Instructions for the task :: Would you copy the records below, exactly and only from their first line through the line containing "#15=CARTESIAN_POINT('',(0.,0.,0.));", without any pictures?

•••

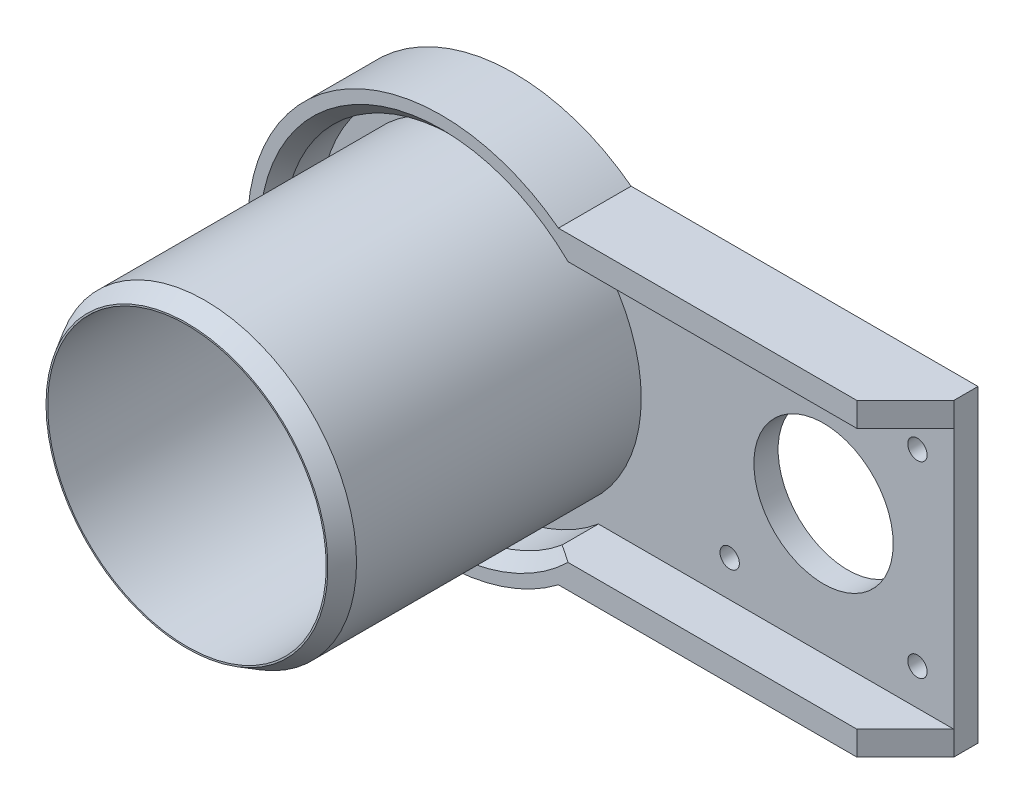
ISO-10303-21;
HEADER;
FILE_DESCRIPTION(('STEP AP214'),'2;1');
FILE_NAME('part.step','',(''),(''),'','','');
FILE_SCHEMA(('AUTOMOTIVE_DESIGN { 1 0 10303 214 1 1 1 1 }'));
ENDSEC;
DATA;
#1=APPLICATION_CONTEXT('core data for automotive mechanical design processes');
#2=APPLICATION_PROTOCOL_DEFINITION('international standard','automotive_design',2000,#1);
#3=PRODUCT_CONTEXT('',#1,'mechanical');
#4=PRODUCT('Part','Part','',(#3));
#5=PRODUCT_RELATED_PRODUCT_CATEGORY('part','',(#4));
#6=PRODUCT_DEFINITION_FORMATION('','',#4);
#7=PRODUCT_DEFINITION_CONTEXT('part definition',#1,'design');
#8=PRODUCT_DEFINITION('design','',#6,#7);
#9=PRODUCT_DEFINITION_SHAPE('','',#8);
#10=(LENGTH_UNIT() NAMED_UNIT(*) SI_UNIT(.MILLI.,.METRE.));
#11=(NAMED_UNIT(*) PLANE_ANGLE_UNIT() SI_UNIT($,.RADIAN.));
#12=(NAMED_UNIT(*) SI_UNIT($,.STERADIAN.) SOLID_ANGLE_UNIT());
#13=UNCERTAINTY_MEASURE_WITH_UNIT(LENGTH_MEASURE(1.E-05),#10,'distance_accuracy_value','');
#14=(GEOMETRIC_REPRESENTATION_CONTEXT(3) GLOBAL_UNCERTAINTY_ASSIGNED_CONTEXT((#13)) GLOBAL_UNIT_ASSIGNED_CONTEXT((#10,
#11,#12)) REPRESENTATION_CONTEXT('',''));
#15=CARTESIAN_POINT('',(0.,0.,0.));
#16=DIRECTION('',(0.,0.,1.));
#17=DIRECTION('',(1.,0.,0.));
#18=AXIS2_PLACEMENT_3D('',#15,#16,#17);
#19=CARTESIAN_POINT('',(0.,0.,4.));
#20=DIRECTION('',(0.,0.,1.));
#21=DIRECTION('',(1.,0.,0.));
#22=AXIS2_PLACEMENT_3D('',#19,#20,#21);
#23=PLANE('',#22);
#24=CARTESIAN_POINT('',(0.,0.,4.));
#25=DIRECTION('',(0.,0.,1.));
#26=DIRECTION('',(1.,0.,0.));
#27=AXIS2_PLACEMENT_3D('',#24,#25,#26);
#28=CIRCLE('',#27,25.);
#29=CARTESIAN_POINT('',(25.,0.,4.));
#30=VERTEX_POINT('',#29);
#31=EDGE_CURVE('E166',#30,#30,#28,.T.);
#32=ORIENTED_EDGE('',*,*,#31,.F.);
#33=EDGE_LOOP('',(#32));
#34=FACE_BOUND('',#33,.T.);
#35=CARTESIAN_POINT('',(70.6000000000003,-15.5,4.));
#36=DIRECTION('',(0.,0.,1.));
#37=DIRECTION('',(1.,0.,0.));
#38=AXIS2_PLACEMENT_3D('',#35,#36,#37);
#39=CIRCLE('',#38,1.59999999999999);
#40=CARTESIAN_POINT('',(72.2000000000003,-15.5,4.));
#41=VERTEX_POINT('',#40);
#42=EDGE_CURVE('E176',#41,#41,#39,.T.);
#43=ORIENTED_EDGE('',*,*,#42,.F.);
#44=EDGE_LOOP('',(#43));
#45=FACE_BOUND('',#44,.T.);
#46=CARTESIAN_POINT('',(39.6,15.5,4.));
#47=DIRECTION('',(0.,0.,1.));
#48=DIRECTION('',(1.,0.,0.));
#49=AXIS2_PLACEMENT_3D('',#46,#47,#48);
#50=CIRCLE('',#49,1.6);
#51=CARTESIAN_POINT('',(41.2,15.5,4.));
#52=VERTEX_POINT('',#51);
#53=EDGE_CURVE('E188',#52,#52,#50,.T.);
#54=ORIENTED_EDGE('',*,*,#53,.F.);
#55=EDGE_LOOP('',(#54));
#56=FACE_BOUND('',#55,.T.);
#57=CARTESIAN_POINT('',(55.1,0.,4.));
#58=DIRECTION('',(0.,0.,1.));
#59=DIRECTION('',(1.,0.,0.));
#60=AXIS2_PLACEMENT_3D('',#57,#58,#59);
#61=CIRCLE('',#60,11.5);
#62=CARTESIAN_POINT('',(66.6,0.,4.));
#63=VERTEX_POINT('',#62);
#64=EDGE_CURVE('E194',#63,#63,#61,.T.);
#65=ORIENTED_EDGE('',*,*,#64,.F.);
#66=EDGE_LOOP('',(#65));
#67=FACE_BOUND('',#66,.T.);
#68=CARTESIAN_POINT('',(70.6,15.5,4.));
#69=DIRECTION('',(0.,0.,1.));
#70=DIRECTION('',(1.,0.,0.));
#71=AXIS2_PLACEMENT_3D('',#68,#69,#70);
#72=CIRCLE('',#71,1.6);
#73=CARTESIAN_POINT('',(72.2,15.5,4.));
#74=VERTEX_POINT('',#73);
#75=EDGE_CURVE('E182',#74,#74,#72,.T.);
#76=ORIENTED_EDGE('',*,*,#75,.F.);
#77=EDGE_LOOP('',(#76));
#78=FACE_BOUND('',#77,.T.);
#79=CARTESIAN_POINT('',(39.6000000000003,-15.5,4.));
#80=DIRECTION('',(0.,0.,1.));
#81=DIRECTION('',(1.,0.,0.));
#82=AXIS2_PLACEMENT_3D('',#79,#80,#81);
#83=CIRCLE('',#82,1.6);
#84=CARTESIAN_POINT('',(41.2000000000003,-15.5,4.));
#85=VERTEX_POINT('',#84);
#86=EDGE_CURVE('E170',#85,#85,#83,.T.);
#87=ORIENTED_EDGE('',*,*,#86,.F.);
#88=EDGE_LOOP('',(#87));
#89=FACE_BOUND('',#88,.T.);
#90=CARTESIAN_POINT('',(0.,0.,4.));
#91=DIRECTION('',(0.,0.,-1.));
#92=DIRECTION('',(1.,0.,0.));
#93=AXIS2_PLACEMENT_3D('',#90,#91,#92);
#94=CIRCLE('',#93,28.);
#95=CARTESIAN_POINT('',(17.9373911146521,-21.5,4.));
#96=VERTEX_POINT('',#95);
#97=CARTESIAN_POINT('',(17.9373911146521,21.5,4.));
#98=VERTEX_POINT('',#97);
#99=EDGE_CURVE('E147',#96,#98,#94,.T.);
#100=ORIENTED_EDGE('',*,*,#99,.F.);
#101=DIRECTION('',(-1.,0.,0.));
#102=VECTOR('',#101,1.);
#103=CARTESIAN_POINT('',(17.9373911146521,-21.5,4.));
#104=LINE('',#103,#102);
#105=CARTESIAN_POINT('',(76.6,-21.5,4.));
#106=VERTEX_POINT('',#105);
#107=EDGE_CURVE('E155',#106,#96,#104,.T.);
#108=ORIENTED_EDGE('',*,*,#107,.F.);
#109=DIRECTION('',(0.,1.,0.));
#110=VECTOR('',#109,1.);
#111=CARTESIAN_POINT('',(76.6,25.5,4.));
#112=LINE('',#111,#110);
#113=CARTESIAN_POINT('',(76.6,21.5,4.));
#114=VERTEX_POINT('',#113);
#115=EDGE_CURVE('E205',#106,#114,#112,.T.);
#116=ORIENTED_EDGE('',*,*,#115,.T.);
#117=DIRECTION('',(1.,0.,0.));
#118=VECTOR('',#117,1.);
#119=CARTESIAN_POINT('',(76.6,21.5,4.));
#120=LINE('',#119,#118);
#121=EDGE_CURVE('E144',#98,#114,#120,.T.);
#122=ORIENTED_EDGE('',*,*,#121,.F.);
#123=EDGE_LOOP('',(#100,#108,#116,#122));
#124=FACE_BOUND('',#123,.T.);
#125=ADVANCED_FACE('F33',(#34,#45,#56,#67,#78,#89,#124),#23,.T.);
#126=CARTESIAN_POINT('',(0.,0.,4.));
#127=DIRECTION('',(0.,0.,1.));
#128=DIRECTION('',(1.,0.,0.));
#129=AXIS2_PLACEMENT_3D('',#126,#127,#128);
#130=CIRCLE('',#129,6.55);
#131=CARTESIAN_POINT('',(6.55,0.,4.));
#132=VERTEX_POINT('',#131);
#133=EDGE_CURVE('E200',#132,#132,#130,.T.);
#134=ORIENTED_EDGE('',*,*,#133,.F.);
#135=EDGE_LOOP('',(#134));
#136=FACE_BOUND('',#135,.T.);
#137=CARTESIAN_POINT('',(0.,0.,4.));
#138=DIRECTION('',(0.,0.,1.));
#139=DIRECTION('',(1.,0.,0.));
#140=AXIS2_PLACEMENT_3D('',#137,#138,#139);
#141=CIRCLE('',#140,23.);
#142=CARTESIAN_POINT('',(23.,0.,4.));
#143=VERTEX_POINT('',#142);
#144=EDGE_CURVE('E124',#143,#143,#141,.F.);
#145=ORIENTED_EDGE('',*,*,#144,.F.);
#146=EDGE_LOOP('',(#145));
#147=FACE_BOUND('',#146,.T.);
#148=ADVANCED_FACE('F304',(#136,#147),#23,.T.);
#149=CARTESIAN_POINT('',(0.,0.,0.));
#150=DIRECTION('',(0.,0.,1.));
#151=DIRECTION('',(1.,0.,0.));
#152=AXIS2_PLACEMENT_3D('',#149,#150,#151);
#153=PLANE('',#152);
#154=CARTESIAN_POINT('',(0.,0.,0.));
#155=DIRECTION('',(0.,0.,1.));
#156=DIRECTION('',(1.,0.,0.));
#157=AXIS2_PLACEMENT_3D('',#154,#155,#156);
#158=CIRCLE('',#157,32.);
#159=CARTESIAN_POINT('',(19.3326149291812,25.5,0.));
#160=VERTEX_POINT('',#159);
#161=CARTESIAN_POINT('',(19.3326149291812,-25.5,0.));
#162=VERTEX_POINT('',#161);
#163=EDGE_CURVE('E121',#160,#162,#158,.T.);
#164=ORIENTED_EDGE('',*,*,#163,.F.);
#165=DIRECTION('',(-1.,0.,0.));
#166=VECTOR('',#165,1.);
#167=CARTESIAN_POINT('',(19.3326149291812,25.5,0.));
#168=LINE('',#167,#166);
#169=CARTESIAN_POINT('',(76.6,25.5,0.));
#170=VERTEX_POINT('',#169);
#171=EDGE_CURVE('E209',#170,#160,#168,.T.);
#172=ORIENTED_EDGE('',*,*,#171,.F.);
#173=DIRECTION('',(0.,1.,0.));
#174=VECTOR('',#173,1.);
#175=CARTESIAN_POINT('',(76.6,25.5,0.));
#176=LINE('',#175,#174);
#177=CARTESIAN_POINT('',(76.6,-25.5,0.));
#178=VERTEX_POINT('',#177);
#179=EDGE_CURVE('E213',#178,#170,#176,.T.);
#180=ORIENTED_EDGE('',*,*,#179,.F.);
#181=DIRECTION('',(1.,0.,0.));
#182=VECTOR('',#181,1.);
#183=CARTESIAN_POINT('',(76.6,-25.5,0.));
#184=LINE('',#183,#182);
#185=EDGE_CURVE('E211',#162,#178,#184,.T.);
#186=ORIENTED_EDGE('',*,*,#185,.F.);
#187=EDGE_LOOP('',(#164,#172,#180,#186));
#188=FACE_BOUND('',#187,.T.);
#189=CARTESIAN_POINT('',(0.,0.,0.));
#190=DIRECTION('',(0.,0.,1.));
#191=DIRECTION('',(1.,0.,0.));
#192=AXIS2_PLACEMENT_3D('',#189,#190,#191);
#193=CIRCLE('',#192,6.55);
#194=CARTESIAN_POINT('',(6.55,0.,0.));
#195=VERTEX_POINT('',#194);
#196=EDGE_CURVE('E197',#195,#195,#193,.T.);
#197=ORIENTED_EDGE('',*,*,#196,.T.);
#198=EDGE_LOOP('',(#197));
#199=FACE_BOUND('',#198,.T.);
#200=CARTESIAN_POINT('',(55.1,0.,0.));
#201=DIRECTION('',(0.,0.,1.));
#202=DIRECTION('',(1.,0.,0.));
#203=AXIS2_PLACEMENT_3D('',#200,#201,#202);
#204=CIRCLE('',#203,11.5);
#205=CARTESIAN_POINT('',(66.6,0.,0.));
#206=VERTEX_POINT('',#205);
#207=EDGE_CURVE('E191',#206,#206,#204,.T.);
#208=ORIENTED_EDGE('',*,*,#207,.T.);
#209=EDGE_LOOP('',(#208));
#210=FACE_BOUND('',#209,.T.);
#211=CARTESIAN_POINT('',(39.6,15.5,0.));
#212=DIRECTION('',(0.,0.,1.));
#213=DIRECTION('',(1.,0.,0.));
#214=AXIS2_PLACEMENT_3D('',#211,#212,#213);
#215=CIRCLE('',#214,1.6);
#216=CARTESIAN_POINT('',(41.2,15.5,0.));
#217=VERTEX_POINT('',#216);
#218=EDGE_CURVE('E185',#217,#217,#215,.T.);
#219=ORIENTED_EDGE('',*,*,#218,.T.);
#220=EDGE_LOOP('',(#219));
#221=FACE_BOUND('',#220,.T.);
#222=CARTESIAN_POINT('',(70.6,15.5,0.));
#223=DIRECTION('',(0.,0.,1.));
#224=DIRECTION('',(1.,0.,0.));
#225=AXIS2_PLACEMENT_3D('',#222,#223,#224);
#226=CIRCLE('',#225,1.6);
#227=CARTESIAN_POINT('',(72.2,15.5,0.));
#228=VERTEX_POINT('',#227);
#229=EDGE_CURVE('E179',#228,#228,#226,.T.);
#230=ORIENTED_EDGE('',*,*,#229,.T.);
#231=EDGE_LOOP('',(#230));
#232=FACE_BOUND('',#231,.T.);
#233=CARTESIAN_POINT('',(70.6000000000003,-15.5,0.));
#234=DIRECTION('',(0.,0.,1.));
#235=DIRECTION('',(1.,0.,0.));
#236=AXIS2_PLACEMENT_3D('',#233,#234,#235);
#237=CIRCLE('',#236,1.59999999999999);
#238=CARTESIAN_POINT('',(72.2000000000003,-15.5,0.));
#239=VERTEX_POINT('',#238);
#240=EDGE_CURVE('E173',#239,#239,#237,.T.);
#241=ORIENTED_EDGE('',*,*,#240,.T.);
#242=EDGE_LOOP('',(#241));
#243=FACE_BOUND('',#242,.T.);
#244=CARTESIAN_POINT('',(39.6000000000003,-15.5,0.));
#245=DIRECTION('',(0.,0.,1.));
#246=DIRECTION('',(1.,0.,0.));
#247=AXIS2_PLACEMENT_3D('',#244,#245,#246);
#248=CIRCLE('',#247,1.6);
#249=CARTESIAN_POINT('',(41.2000000000003,-15.5,0.));
#250=VERTEX_POINT('',#249);
#251=EDGE_CURVE('E169',#250,#250,#248,.T.);
#252=ORIENTED_EDGE('',*,*,#251,.T.);
#253=EDGE_LOOP('',(#252));
#254=FACE_BOUND('',#253,.T.);
#255=ADVANCED_FACE('F306',(#188,#199,#210,#221,#232,#243,#254),#153,.F.);
#256=CARTESIAN_POINT('',(0.,0.,4.));
#257=DIRECTION('',(0.,0.,-1.));
#258=DIRECTION('',(-1.,0.,0.));
#259=AXIS2_PLACEMENT_3D('',#256,#257,#258);
#260=CYLINDRICAL_SURFACE('',#259,32.);
#261=ORIENTED_EDGE('',*,*,#163,.T.);
#262=DIRECTION('',(0.,0.,-1.));
#263=VECTOR('',#262,1.);
#264=CARTESIAN_POINT('',(19.3326149291812,-25.5,4.));
#265=LINE('',#264,#263);
#266=CARTESIAN_POINT('',(19.3326149291812,-25.5,12.));
#267=VERTEX_POINT('',#266);
#268=EDGE_CURVE('E114',#267,#162,#265,.T.);
#269=ORIENTED_EDGE('',*,*,#268,.F.);
#270=CARTESIAN_POINT('',(0.,0.,12.));
#271=DIRECTION('',(0.,0.,1.));
#272=DIRECTION('',(1.,0.,0.));
#273=AXIS2_PLACEMENT_3D('',#270,#271,#272);
#274=CIRCLE('',#273,32.);
#275=CARTESIAN_POINT('',(19.3326149291812,25.5,12.));
#276=VERTEX_POINT('',#275);
#277=EDGE_CURVE('E119',#276,#267,#274,.T.);
#278=ORIENTED_EDGE('',*,*,#277,.F.);
#279=DIRECTION('',(0.,0.,-1.));
#280=VECTOR('',#279,1.);
#281=CARTESIAN_POINT('',(19.3326149291812,25.5,4.));
#282=LINE('',#281,#280);
#283=EDGE_CURVE('E208',#276,#160,#282,.T.);
#284=ORIENTED_EDGE('',*,*,#283,.T.);
#285=EDGE_LOOP('',(#261,#269,#278,#284));
#286=FACE_BOUND('',#285,.T.);
#287=ADVANCED_FACE('F116',(#286),#260,.T.);
#288=CARTESIAN_POINT('',(76.6,-25.5,4.));
#289=DIRECTION('',(0.,1.,0.));
#290=DIRECTION('',(-1.,0.,0.));
#291=AXIS2_PLACEMENT_3D('',#288,#289,#290);
#292=PLANE('',#291);
#293=DIRECTION('',(0.,0.,-1.));
#294=VECTOR('',#293,1.);
#295=CARTESIAN_POINT('',(76.6,-25.5,4.));
#296=LINE('',#295,#294);
#297=CARTESIAN_POINT('',(76.6,-25.5,3.99999999999998));
#298=VERTEX_POINT('',#297);
#299=EDGE_CURVE('E125',#298,#178,#296,.T.);
#300=ORIENTED_EDGE('',*,*,#299,.F.);
#301=DIRECTION('',(-0.707106781186547,0.,0.707106781186548));
#302=VECTOR('',#301,1.);
#303=CARTESIAN_POINT('',(68.6,-25.5,12.));
#304=LINE('',#303,#302);
#305=CARTESIAN_POINT('',(68.6,-25.5,12.));
#306=VERTEX_POINT('',#305);
#307=EDGE_CURVE('E132',#298,#306,#304,.T.);
#308=ORIENTED_EDGE('',*,*,#307,.T.);
#309=DIRECTION('',(1.,0.,0.));
#310=VECTOR('',#309,1.);
#311=CARTESIAN_POINT('',(19.3326149291812,-25.5,12.));
#312=LINE('',#311,#310);
#313=EDGE_CURVE('E128',#267,#306,#312,.T.);
#314=ORIENTED_EDGE('',*,*,#313,.F.);
#315=ORIENTED_EDGE('',*,*,#268,.T.);
#316=ORIENTED_EDGE('',*,*,#185,.T.);
#317=EDGE_LOOP('',(#300,#308,#314,#315,#316));
#318=FACE_BOUND('',#317,.T.);
#319=ADVANCED_FACE('F130',(#318),#292,.F.);
#320=CARTESIAN_POINT('',(76.6,25.5,4.));
#321=DIRECTION('',(-1.,0.,0.));
#322=DIRECTION('',(0.,0.,1.));
#323=AXIS2_PLACEMENT_3D('',#320,#321,#322);
#324=PLANE('',#323);
#325=ORIENTED_EDGE('',*,*,#115,.F.);
#326=DIRECTION('',(0.,-1.,0.));
#327=VECTOR('',#326,1.);
#328=CARTESIAN_POINT('',(76.6,-25.5,3.99999999999998));
#329=LINE('',#328,#327);
#330=EDGE_CURVE('E237',#106,#298,#329,.T.);
#331=ORIENTED_EDGE('',*,*,#330,.T.);
#332=ORIENTED_EDGE('',*,*,#299,.T.);
#333=ORIENTED_EDGE('',*,*,#179,.T.);
#334=DIRECTION('',(0.,0.,-1.));
#335=VECTOR('',#334,1.);
#336=CARTESIAN_POINT('',(76.6,25.5,4.));
#337=LINE('',#336,#335);
#338=CARTESIAN_POINT('',(76.6,25.5,3.99999999999998));
#339=VERTEX_POINT('',#338);
#340=EDGE_CURVE('E218',#339,#170,#337,.T.);
#341=ORIENTED_EDGE('',*,*,#340,.F.);
#342=DIRECTION('',(0.,-1.,0.));
#343=VECTOR('',#342,1.);
#344=CARTESIAN_POINT('',(76.6,21.5,3.99999999999998));
#345=LINE('',#344,#343);
#346=EDGE_CURVE('E235',#339,#114,#345,.T.);
#347=ORIENTED_EDGE('',*,*,#346,.T.);
#348=EDGE_LOOP('',(#325,#331,#332,#333,#341,#347));
#349=FACE_BOUND('',#348,.T.);
#350=ADVANCED_FACE('F312',(#349),#324,.F.);
#351=CARTESIAN_POINT('',(19.3326149291812,25.5,4.));
#352=DIRECTION('',(0.,-1.,0.));
#353=DIRECTION('',(1.,0.,0.));
#354=AXIS2_PLACEMENT_3D('',#351,#352,#353);
#355=PLANE('',#354);
#356=DIRECTION('',(-1.,0.,0.));
#357=VECTOR('',#356,1.);
#358=CARTESIAN_POINT('',(76.6,25.5,12.));
#359=LINE('',#358,#357);
#360=CARTESIAN_POINT('',(68.6,25.5,12.));
#361=VERTEX_POINT('',#360);
#362=EDGE_CURVE('E142',#361,#276,#359,.T.);
#363=ORIENTED_EDGE('',*,*,#362,.F.);
#364=DIRECTION('',(0.707106781186547,0.,-0.707106781186548));
#365=VECTOR('',#364,1.);
#366=CARTESIAN_POINT('',(68.6,25.5,12.));
#367=LINE('',#366,#365);
#368=EDGE_CURVE('E240',#361,#339,#367,.T.);
#369=ORIENTED_EDGE('',*,*,#368,.T.);
#370=ORIENTED_EDGE('',*,*,#340,.T.);
#371=ORIENTED_EDGE('',*,*,#171,.T.);
#372=ORIENTED_EDGE('',*,*,#283,.F.);
#373=EDGE_LOOP('',(#363,#369,#370,#371,#372));
#374=FACE_BOUND('',#373,.T.);
#375=ADVANCED_FACE('F300',(#374),#355,.F.);
#376=CARTESIAN_POINT('',(0.,0.,4.));
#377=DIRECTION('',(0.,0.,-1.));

•••

Answer to this task ::
ISO-10303-21;
HEADER;
FILE_DESCRIPTION(('STEP AP214'),'2;1');
FILE_NAME('part.step','',(''),(''),'','','');
FILE_SCHEMA(('AUTOMOTIVE_DESIGN { 1 0 10303 214 1 1 1 1 }'));
ENDSEC;
DATA;
#1=APPLICATION_CONTEXT('core data for automotive mechanical design processes');
#2=APPLICATION_PROTOCOL_DEFINITION('international standard','automotive_design',2000,#1);
#3=PRODUCT_CONTEXT('',#1,'mechanical');
#4=PRODUCT('Part','Part','',(#3));
#5=PRODUCT_RELATED_PRODUCT_CATEGORY('part','',(#4));
#6=PRODUCT_DEFINITION_FORMATION('','',#4);
#7=PRODUCT_DEFINITION_CONTEXT('part definition',#1,'design');
#8=PRODUCT_DEFINITION('design','',#6,#7);
#9=PRODUCT_DEFINITION_SHAPE('','',#8);
#10=(LENGTH_UNIT() NAMED_UNIT(*) SI_UNIT(.MILLI.,.METRE.));
#11=(NAMED_UNIT(*) PLANE_ANGLE_UNIT() SI_UNIT($,.RADIAN.));
#12=(NAMED_UNIT(*) SI_UNIT($,.STERADIAN.) SOLID_ANGLE_UNIT());
#13=UNCERTAINTY_MEASURE_WITH_UNIT(LENGTH_MEASURE(1.E-05),#10,'distance_accuracy_value','');
#14=(GEOMETRIC_REPRESENTATION_CONTEXT(3) GLOBAL_UNCERTAINTY_ASSIGNED_CONTEXT((#13)) GLOBAL_UNIT_ASSIGNED_CONTEXT((#10,
#11,#12)) REPRESENTATION_CONTEXT('',''));
#15=CARTESIAN_POINT('',(0.,0.,0.));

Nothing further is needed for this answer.